(Stored items from a collection)
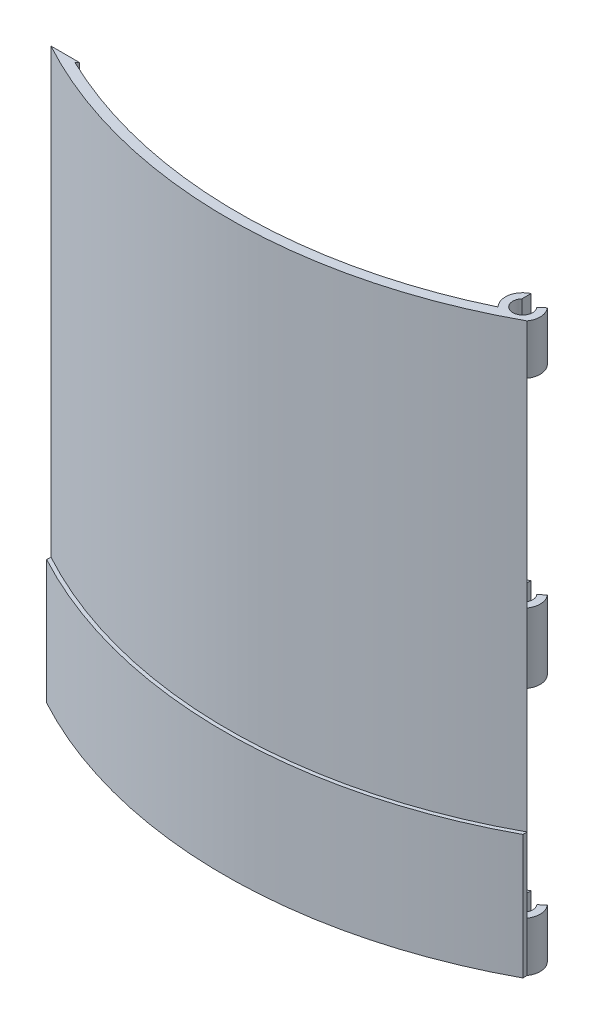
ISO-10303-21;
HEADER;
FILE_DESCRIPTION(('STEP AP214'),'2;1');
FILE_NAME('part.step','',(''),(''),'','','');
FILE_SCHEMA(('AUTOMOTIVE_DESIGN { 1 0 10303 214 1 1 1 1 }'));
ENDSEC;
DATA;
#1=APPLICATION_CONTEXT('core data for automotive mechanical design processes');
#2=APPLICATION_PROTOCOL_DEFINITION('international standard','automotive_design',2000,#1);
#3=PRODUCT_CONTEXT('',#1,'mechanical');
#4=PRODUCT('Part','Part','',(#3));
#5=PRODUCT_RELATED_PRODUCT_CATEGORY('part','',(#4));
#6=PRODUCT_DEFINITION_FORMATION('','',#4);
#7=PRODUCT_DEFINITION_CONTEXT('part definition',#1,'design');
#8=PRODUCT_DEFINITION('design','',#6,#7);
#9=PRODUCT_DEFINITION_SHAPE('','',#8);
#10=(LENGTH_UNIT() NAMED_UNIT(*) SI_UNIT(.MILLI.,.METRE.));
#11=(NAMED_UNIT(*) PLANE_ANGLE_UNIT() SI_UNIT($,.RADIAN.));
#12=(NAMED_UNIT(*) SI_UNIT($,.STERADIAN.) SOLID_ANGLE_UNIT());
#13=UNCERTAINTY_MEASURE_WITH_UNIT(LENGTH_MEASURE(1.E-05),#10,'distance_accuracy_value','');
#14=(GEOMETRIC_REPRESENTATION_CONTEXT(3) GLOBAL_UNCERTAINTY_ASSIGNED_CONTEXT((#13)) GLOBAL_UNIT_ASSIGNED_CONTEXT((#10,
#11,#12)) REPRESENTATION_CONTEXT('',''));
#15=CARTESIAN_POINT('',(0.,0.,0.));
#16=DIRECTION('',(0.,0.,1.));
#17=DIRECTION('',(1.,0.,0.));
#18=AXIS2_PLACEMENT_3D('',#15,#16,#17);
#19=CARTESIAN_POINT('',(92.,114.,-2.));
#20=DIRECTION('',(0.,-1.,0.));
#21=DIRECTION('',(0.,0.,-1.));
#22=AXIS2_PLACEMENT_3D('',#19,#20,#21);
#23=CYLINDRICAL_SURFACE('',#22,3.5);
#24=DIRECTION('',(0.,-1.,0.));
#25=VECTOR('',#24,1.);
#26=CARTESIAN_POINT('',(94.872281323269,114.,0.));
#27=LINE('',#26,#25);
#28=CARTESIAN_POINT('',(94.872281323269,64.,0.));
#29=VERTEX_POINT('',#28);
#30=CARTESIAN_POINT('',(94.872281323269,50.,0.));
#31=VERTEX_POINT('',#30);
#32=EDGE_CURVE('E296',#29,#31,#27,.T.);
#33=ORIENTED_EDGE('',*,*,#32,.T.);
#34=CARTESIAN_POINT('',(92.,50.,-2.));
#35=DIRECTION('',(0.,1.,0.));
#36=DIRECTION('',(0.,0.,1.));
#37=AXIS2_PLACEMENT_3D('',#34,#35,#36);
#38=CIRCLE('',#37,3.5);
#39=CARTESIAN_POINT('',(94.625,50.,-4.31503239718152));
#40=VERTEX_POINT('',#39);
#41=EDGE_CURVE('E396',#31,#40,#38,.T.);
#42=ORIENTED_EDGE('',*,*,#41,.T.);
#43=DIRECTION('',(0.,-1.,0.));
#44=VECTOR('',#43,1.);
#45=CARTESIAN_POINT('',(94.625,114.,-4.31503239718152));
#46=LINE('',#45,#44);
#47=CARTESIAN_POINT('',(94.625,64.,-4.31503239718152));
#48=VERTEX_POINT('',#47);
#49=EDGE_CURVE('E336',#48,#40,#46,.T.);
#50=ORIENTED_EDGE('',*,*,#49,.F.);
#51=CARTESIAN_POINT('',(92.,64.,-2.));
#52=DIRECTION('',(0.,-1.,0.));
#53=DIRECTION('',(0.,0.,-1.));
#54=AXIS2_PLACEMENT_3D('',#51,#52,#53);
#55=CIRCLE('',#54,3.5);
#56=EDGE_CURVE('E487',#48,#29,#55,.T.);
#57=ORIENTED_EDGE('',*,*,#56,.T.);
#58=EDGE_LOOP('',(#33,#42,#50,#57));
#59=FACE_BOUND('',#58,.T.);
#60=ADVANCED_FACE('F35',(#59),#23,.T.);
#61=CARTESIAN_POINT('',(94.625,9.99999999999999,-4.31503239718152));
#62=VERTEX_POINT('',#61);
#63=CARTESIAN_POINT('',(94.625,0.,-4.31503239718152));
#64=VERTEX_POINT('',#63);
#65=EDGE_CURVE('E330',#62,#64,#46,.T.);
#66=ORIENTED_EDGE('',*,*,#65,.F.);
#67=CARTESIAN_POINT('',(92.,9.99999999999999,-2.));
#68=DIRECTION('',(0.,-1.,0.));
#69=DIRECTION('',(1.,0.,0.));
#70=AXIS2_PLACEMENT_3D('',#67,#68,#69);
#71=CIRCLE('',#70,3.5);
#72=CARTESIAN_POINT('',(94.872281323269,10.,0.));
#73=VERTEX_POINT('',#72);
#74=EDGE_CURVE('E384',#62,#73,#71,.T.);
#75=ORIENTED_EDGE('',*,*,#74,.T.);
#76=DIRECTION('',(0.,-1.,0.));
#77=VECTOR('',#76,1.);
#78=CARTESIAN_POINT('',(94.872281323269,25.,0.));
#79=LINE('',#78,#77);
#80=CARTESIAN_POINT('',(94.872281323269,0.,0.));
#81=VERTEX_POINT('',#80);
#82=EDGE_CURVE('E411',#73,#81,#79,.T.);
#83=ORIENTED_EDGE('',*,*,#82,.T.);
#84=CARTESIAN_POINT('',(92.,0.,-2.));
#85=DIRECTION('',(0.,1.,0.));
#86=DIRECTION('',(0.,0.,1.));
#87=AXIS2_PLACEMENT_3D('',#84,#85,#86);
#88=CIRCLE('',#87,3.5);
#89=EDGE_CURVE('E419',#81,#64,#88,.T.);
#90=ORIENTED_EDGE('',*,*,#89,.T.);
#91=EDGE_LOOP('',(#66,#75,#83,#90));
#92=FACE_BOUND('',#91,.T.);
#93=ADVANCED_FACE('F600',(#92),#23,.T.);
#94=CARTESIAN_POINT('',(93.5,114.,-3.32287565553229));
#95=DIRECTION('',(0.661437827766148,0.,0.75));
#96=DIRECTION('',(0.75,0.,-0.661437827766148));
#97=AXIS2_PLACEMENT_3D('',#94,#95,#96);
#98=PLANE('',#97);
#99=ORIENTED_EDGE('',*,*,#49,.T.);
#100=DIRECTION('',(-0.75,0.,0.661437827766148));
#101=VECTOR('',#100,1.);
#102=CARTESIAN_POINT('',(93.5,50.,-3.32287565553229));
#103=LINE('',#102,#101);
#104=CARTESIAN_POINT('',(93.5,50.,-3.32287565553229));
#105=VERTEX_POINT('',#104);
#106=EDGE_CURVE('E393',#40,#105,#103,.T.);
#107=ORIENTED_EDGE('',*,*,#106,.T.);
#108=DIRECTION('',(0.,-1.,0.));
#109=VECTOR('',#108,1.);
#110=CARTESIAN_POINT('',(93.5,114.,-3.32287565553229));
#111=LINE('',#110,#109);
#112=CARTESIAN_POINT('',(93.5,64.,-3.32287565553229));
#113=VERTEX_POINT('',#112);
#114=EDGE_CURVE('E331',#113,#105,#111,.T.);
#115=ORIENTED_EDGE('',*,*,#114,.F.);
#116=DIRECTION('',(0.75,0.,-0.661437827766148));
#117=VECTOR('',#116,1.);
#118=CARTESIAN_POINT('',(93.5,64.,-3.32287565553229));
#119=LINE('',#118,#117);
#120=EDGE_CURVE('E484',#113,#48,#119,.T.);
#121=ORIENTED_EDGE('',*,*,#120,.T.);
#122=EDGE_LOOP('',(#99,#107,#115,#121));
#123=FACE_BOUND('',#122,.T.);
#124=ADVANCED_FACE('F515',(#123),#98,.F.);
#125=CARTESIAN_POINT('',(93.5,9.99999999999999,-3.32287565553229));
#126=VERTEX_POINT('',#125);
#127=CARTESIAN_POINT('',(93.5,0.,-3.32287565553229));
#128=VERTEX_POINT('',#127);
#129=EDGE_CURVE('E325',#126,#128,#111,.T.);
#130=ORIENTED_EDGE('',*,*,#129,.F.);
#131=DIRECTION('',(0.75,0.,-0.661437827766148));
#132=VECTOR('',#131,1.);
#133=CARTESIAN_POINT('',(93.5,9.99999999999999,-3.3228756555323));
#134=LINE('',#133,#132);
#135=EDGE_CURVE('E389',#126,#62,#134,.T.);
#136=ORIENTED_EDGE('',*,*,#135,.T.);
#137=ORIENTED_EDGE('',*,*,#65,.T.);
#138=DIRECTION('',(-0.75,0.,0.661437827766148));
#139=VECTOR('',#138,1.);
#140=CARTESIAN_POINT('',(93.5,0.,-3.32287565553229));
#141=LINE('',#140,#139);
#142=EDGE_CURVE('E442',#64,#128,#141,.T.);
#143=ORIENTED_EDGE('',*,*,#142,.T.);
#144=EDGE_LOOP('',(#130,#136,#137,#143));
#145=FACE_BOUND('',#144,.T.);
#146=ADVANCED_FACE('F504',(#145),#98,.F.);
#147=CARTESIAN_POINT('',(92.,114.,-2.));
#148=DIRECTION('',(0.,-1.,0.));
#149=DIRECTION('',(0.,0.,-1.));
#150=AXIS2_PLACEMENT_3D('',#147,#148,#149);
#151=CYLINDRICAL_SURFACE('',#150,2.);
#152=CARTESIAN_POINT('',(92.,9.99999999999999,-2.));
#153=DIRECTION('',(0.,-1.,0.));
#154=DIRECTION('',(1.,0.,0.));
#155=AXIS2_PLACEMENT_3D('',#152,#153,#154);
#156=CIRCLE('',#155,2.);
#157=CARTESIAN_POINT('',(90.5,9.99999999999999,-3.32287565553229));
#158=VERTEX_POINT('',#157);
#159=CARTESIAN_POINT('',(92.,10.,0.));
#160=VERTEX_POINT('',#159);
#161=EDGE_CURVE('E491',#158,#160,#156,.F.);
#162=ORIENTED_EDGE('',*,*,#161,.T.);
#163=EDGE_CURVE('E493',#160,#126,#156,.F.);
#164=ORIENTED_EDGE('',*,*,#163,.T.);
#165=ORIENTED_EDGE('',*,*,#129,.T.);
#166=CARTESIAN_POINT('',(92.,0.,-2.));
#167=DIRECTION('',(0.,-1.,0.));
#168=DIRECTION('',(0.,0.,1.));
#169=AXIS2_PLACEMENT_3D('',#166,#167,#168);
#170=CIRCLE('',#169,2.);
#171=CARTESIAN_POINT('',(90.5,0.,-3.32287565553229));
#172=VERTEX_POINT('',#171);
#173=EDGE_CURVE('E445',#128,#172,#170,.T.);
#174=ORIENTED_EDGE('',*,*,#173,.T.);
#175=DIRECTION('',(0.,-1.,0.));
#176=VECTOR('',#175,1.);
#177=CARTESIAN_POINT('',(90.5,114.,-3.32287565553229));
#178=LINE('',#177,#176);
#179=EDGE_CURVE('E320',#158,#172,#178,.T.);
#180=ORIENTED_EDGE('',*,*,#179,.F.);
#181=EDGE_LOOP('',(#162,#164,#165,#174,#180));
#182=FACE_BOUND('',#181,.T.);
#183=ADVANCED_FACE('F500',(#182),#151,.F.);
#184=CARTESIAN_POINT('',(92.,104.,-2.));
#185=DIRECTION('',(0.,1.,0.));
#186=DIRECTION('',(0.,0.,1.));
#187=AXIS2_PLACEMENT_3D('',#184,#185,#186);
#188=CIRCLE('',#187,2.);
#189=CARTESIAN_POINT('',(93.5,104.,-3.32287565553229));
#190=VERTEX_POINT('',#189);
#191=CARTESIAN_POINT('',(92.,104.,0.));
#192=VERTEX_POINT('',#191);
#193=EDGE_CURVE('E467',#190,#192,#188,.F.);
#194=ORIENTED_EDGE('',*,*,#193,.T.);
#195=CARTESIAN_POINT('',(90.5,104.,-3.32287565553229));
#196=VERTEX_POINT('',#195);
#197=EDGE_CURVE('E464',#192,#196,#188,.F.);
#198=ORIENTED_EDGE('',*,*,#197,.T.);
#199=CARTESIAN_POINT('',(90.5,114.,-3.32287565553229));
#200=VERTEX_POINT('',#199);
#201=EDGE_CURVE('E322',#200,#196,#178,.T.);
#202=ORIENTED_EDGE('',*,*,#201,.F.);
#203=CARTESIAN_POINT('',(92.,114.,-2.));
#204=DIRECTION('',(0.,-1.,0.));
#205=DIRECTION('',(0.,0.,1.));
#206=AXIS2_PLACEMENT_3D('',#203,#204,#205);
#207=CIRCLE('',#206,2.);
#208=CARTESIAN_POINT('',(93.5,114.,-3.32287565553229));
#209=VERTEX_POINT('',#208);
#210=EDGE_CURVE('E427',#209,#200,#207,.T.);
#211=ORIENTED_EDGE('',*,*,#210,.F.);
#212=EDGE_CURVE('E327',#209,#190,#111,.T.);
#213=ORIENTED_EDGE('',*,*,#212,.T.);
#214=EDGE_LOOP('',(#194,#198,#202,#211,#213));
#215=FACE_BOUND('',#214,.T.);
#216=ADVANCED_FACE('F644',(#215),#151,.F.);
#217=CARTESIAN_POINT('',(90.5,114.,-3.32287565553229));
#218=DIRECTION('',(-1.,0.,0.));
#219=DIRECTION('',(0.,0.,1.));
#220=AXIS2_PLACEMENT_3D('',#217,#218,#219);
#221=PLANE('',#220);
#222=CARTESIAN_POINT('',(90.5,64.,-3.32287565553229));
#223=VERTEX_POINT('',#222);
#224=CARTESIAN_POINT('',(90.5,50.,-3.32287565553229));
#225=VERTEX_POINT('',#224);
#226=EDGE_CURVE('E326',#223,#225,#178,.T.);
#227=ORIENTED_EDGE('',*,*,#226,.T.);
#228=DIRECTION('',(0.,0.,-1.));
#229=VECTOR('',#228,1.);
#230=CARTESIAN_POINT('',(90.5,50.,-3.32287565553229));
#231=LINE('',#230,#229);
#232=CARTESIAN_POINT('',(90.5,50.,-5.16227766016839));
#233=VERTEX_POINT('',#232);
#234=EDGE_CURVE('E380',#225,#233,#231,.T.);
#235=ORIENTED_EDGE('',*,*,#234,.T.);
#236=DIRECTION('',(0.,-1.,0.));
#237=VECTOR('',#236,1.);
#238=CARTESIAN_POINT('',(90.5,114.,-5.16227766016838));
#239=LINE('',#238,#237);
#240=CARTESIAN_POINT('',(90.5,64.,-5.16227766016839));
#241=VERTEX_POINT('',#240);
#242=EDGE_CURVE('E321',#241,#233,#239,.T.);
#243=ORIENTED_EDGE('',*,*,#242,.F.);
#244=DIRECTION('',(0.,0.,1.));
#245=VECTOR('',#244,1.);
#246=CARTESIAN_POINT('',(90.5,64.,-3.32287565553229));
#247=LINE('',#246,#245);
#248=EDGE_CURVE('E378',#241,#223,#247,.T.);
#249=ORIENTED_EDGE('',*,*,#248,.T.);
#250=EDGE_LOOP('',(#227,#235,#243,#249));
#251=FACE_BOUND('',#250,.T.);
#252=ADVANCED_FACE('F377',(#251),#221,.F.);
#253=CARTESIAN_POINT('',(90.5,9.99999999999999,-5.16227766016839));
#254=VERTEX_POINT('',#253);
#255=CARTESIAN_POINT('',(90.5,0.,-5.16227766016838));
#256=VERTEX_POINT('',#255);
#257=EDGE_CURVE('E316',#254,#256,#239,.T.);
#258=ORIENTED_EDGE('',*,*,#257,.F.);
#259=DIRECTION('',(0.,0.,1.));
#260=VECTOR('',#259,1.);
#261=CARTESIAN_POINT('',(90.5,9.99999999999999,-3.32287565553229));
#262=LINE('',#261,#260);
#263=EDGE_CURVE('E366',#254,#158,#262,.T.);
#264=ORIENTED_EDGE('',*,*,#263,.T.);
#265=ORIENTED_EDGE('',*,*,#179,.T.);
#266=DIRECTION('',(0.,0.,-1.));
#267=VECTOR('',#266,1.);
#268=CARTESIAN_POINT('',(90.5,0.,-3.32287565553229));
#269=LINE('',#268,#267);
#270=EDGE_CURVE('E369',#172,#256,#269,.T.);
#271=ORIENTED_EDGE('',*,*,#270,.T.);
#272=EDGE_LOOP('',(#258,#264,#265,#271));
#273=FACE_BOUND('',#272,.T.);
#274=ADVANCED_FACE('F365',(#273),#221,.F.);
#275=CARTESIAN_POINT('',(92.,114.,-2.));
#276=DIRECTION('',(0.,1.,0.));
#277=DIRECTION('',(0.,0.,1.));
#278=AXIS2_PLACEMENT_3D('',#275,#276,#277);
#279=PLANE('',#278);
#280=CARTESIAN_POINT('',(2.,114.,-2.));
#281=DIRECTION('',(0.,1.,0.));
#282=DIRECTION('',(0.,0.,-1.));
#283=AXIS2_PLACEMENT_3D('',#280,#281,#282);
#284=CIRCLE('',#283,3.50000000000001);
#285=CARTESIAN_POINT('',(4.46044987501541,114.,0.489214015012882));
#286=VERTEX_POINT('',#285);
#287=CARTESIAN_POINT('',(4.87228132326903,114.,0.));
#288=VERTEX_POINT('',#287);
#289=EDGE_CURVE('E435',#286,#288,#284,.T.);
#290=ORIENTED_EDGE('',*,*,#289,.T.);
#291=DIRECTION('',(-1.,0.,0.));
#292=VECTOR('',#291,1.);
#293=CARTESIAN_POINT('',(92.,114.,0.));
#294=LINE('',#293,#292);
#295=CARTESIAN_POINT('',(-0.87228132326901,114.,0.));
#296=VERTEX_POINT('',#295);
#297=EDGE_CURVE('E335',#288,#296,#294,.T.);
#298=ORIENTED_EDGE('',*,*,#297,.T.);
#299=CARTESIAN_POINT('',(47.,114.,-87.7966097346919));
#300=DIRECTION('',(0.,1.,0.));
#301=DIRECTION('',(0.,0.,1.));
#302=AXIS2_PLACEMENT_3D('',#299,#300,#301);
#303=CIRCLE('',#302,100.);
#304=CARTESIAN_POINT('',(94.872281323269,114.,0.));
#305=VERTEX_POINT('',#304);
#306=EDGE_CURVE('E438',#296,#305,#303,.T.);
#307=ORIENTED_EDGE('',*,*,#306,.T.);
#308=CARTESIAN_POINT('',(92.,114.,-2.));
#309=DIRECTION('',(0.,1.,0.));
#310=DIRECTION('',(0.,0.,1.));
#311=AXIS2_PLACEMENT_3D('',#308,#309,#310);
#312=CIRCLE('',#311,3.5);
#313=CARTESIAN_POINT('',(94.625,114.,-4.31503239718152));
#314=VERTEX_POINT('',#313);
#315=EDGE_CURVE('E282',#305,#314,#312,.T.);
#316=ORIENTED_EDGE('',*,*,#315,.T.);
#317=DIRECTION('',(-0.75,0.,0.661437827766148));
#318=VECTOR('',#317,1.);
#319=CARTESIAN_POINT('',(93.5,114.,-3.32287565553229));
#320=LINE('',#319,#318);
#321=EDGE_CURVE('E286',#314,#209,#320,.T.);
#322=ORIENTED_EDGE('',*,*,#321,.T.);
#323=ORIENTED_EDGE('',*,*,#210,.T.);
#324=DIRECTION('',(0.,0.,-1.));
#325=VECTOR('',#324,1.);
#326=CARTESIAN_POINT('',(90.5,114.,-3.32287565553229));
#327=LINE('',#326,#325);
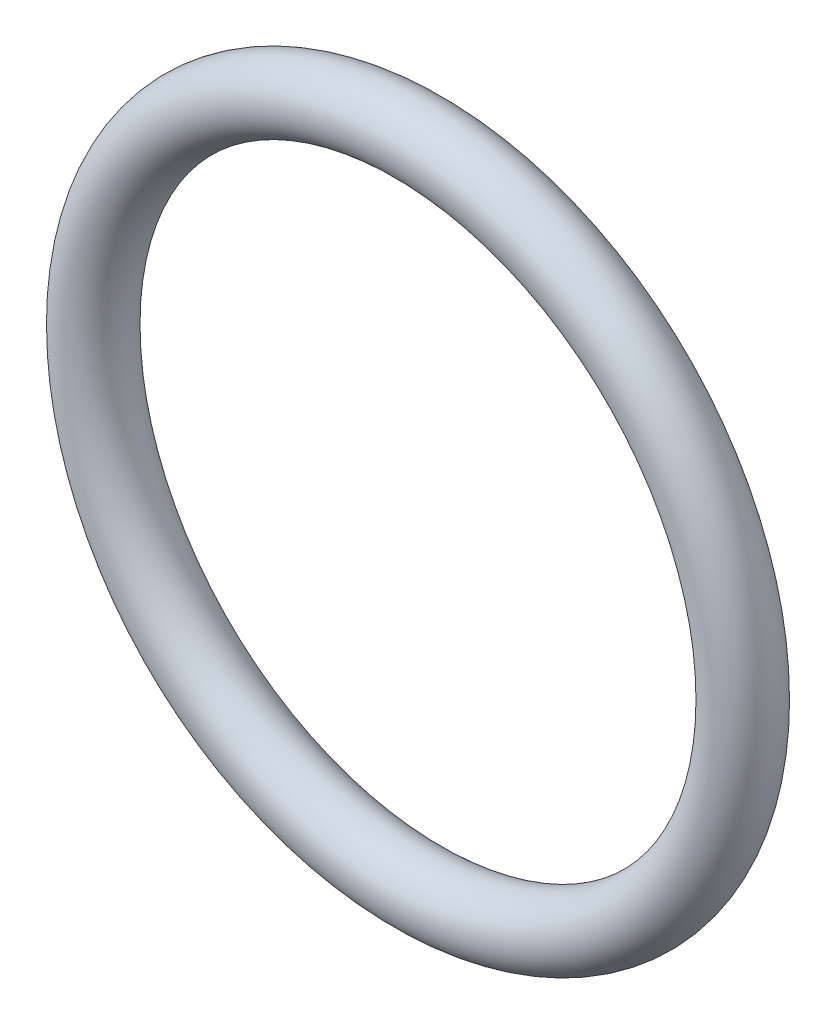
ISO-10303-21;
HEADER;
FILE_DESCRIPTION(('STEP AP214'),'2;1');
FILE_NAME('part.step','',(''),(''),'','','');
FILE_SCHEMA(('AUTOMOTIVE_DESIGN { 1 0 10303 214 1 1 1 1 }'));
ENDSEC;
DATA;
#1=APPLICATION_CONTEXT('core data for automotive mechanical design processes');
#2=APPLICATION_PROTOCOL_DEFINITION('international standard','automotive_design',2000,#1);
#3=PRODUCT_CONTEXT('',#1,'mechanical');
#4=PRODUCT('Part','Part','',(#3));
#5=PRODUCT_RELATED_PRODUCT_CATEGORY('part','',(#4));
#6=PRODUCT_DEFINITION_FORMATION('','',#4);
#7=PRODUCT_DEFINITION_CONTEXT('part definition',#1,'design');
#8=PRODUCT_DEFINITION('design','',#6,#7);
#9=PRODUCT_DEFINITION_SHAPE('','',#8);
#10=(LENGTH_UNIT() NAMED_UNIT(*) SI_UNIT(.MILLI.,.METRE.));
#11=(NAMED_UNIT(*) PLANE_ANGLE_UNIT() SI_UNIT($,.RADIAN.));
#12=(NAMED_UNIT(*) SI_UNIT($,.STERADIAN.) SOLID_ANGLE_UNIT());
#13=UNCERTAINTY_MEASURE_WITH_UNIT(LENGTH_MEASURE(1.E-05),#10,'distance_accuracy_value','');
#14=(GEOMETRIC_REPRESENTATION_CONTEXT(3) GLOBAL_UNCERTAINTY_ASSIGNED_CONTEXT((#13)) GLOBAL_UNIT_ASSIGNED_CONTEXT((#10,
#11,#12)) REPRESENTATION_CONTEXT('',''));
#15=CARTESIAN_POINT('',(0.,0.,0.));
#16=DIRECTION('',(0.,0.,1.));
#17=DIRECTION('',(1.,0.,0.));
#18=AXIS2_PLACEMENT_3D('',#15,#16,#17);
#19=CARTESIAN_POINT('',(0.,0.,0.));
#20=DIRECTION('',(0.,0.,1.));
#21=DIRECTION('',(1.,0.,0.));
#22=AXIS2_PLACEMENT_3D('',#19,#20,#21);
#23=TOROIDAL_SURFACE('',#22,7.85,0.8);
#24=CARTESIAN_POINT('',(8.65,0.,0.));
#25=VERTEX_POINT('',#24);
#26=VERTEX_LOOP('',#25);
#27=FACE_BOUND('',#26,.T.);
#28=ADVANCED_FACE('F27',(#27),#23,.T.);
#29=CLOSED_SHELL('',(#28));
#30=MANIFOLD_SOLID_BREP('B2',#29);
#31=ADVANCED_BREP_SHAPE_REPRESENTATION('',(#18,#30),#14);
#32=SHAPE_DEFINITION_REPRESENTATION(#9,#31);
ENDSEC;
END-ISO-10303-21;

▸ TASK:
Above are the entries. Quote exactly the lines from the one bearing "#185=DIRECTION('',(0.,1.,0.));" through the one bearing "#205=DIRECTION('',(0.,0.,1.));".

▸ THE ANSWER:
#185=DIRECTION('',(0.,1.,0.));
#186=DIRECTION('',(0.,0.,1.));
#187=AXIS2_PLACEMENT_3D('',#184,#185,#186);
#188=CIRCLE('',#187,2.);
#189=CARTESIAN_POINT('',(93.5,104.,-3.32287565553229));
#190=VERTEX_POINT('',#189);
#191=CARTESIAN_POINT('',(92.,104.,0.));
#192=VERTEX_POINT('',#191);
#193=EDGE_CURVE('E467',#190,#192,#188,.F.);
#194=ORIENTED_EDGE('',*,*,#193,.T.);
#195=CARTESIAN_POINT('',(90.5,104.,-3.32287565553229));
#196=VERTEX_POINT('',#195);
#197=EDGE_CURVE('E464',#192,#196,#188,.F.);
#198=ORIENTED_EDGE('',*,*,#197,.T.);
#199=CARTESIAN_POINT('',(90.5,114.,-3.32287565553229));
#200=VERTEX_POINT('',#199);
#201=EDGE_CURVE('E322',#200,#196,#178,.T.);
#202=ORIENTED_EDGE('',*,*,#201,.F.);
#203=CARTESIAN_POINT('',(92.,114.,-2.));
#204=DIRECTION('',(0.,-1.,0.));
#205=DIRECTION('',(0.,0.,1.));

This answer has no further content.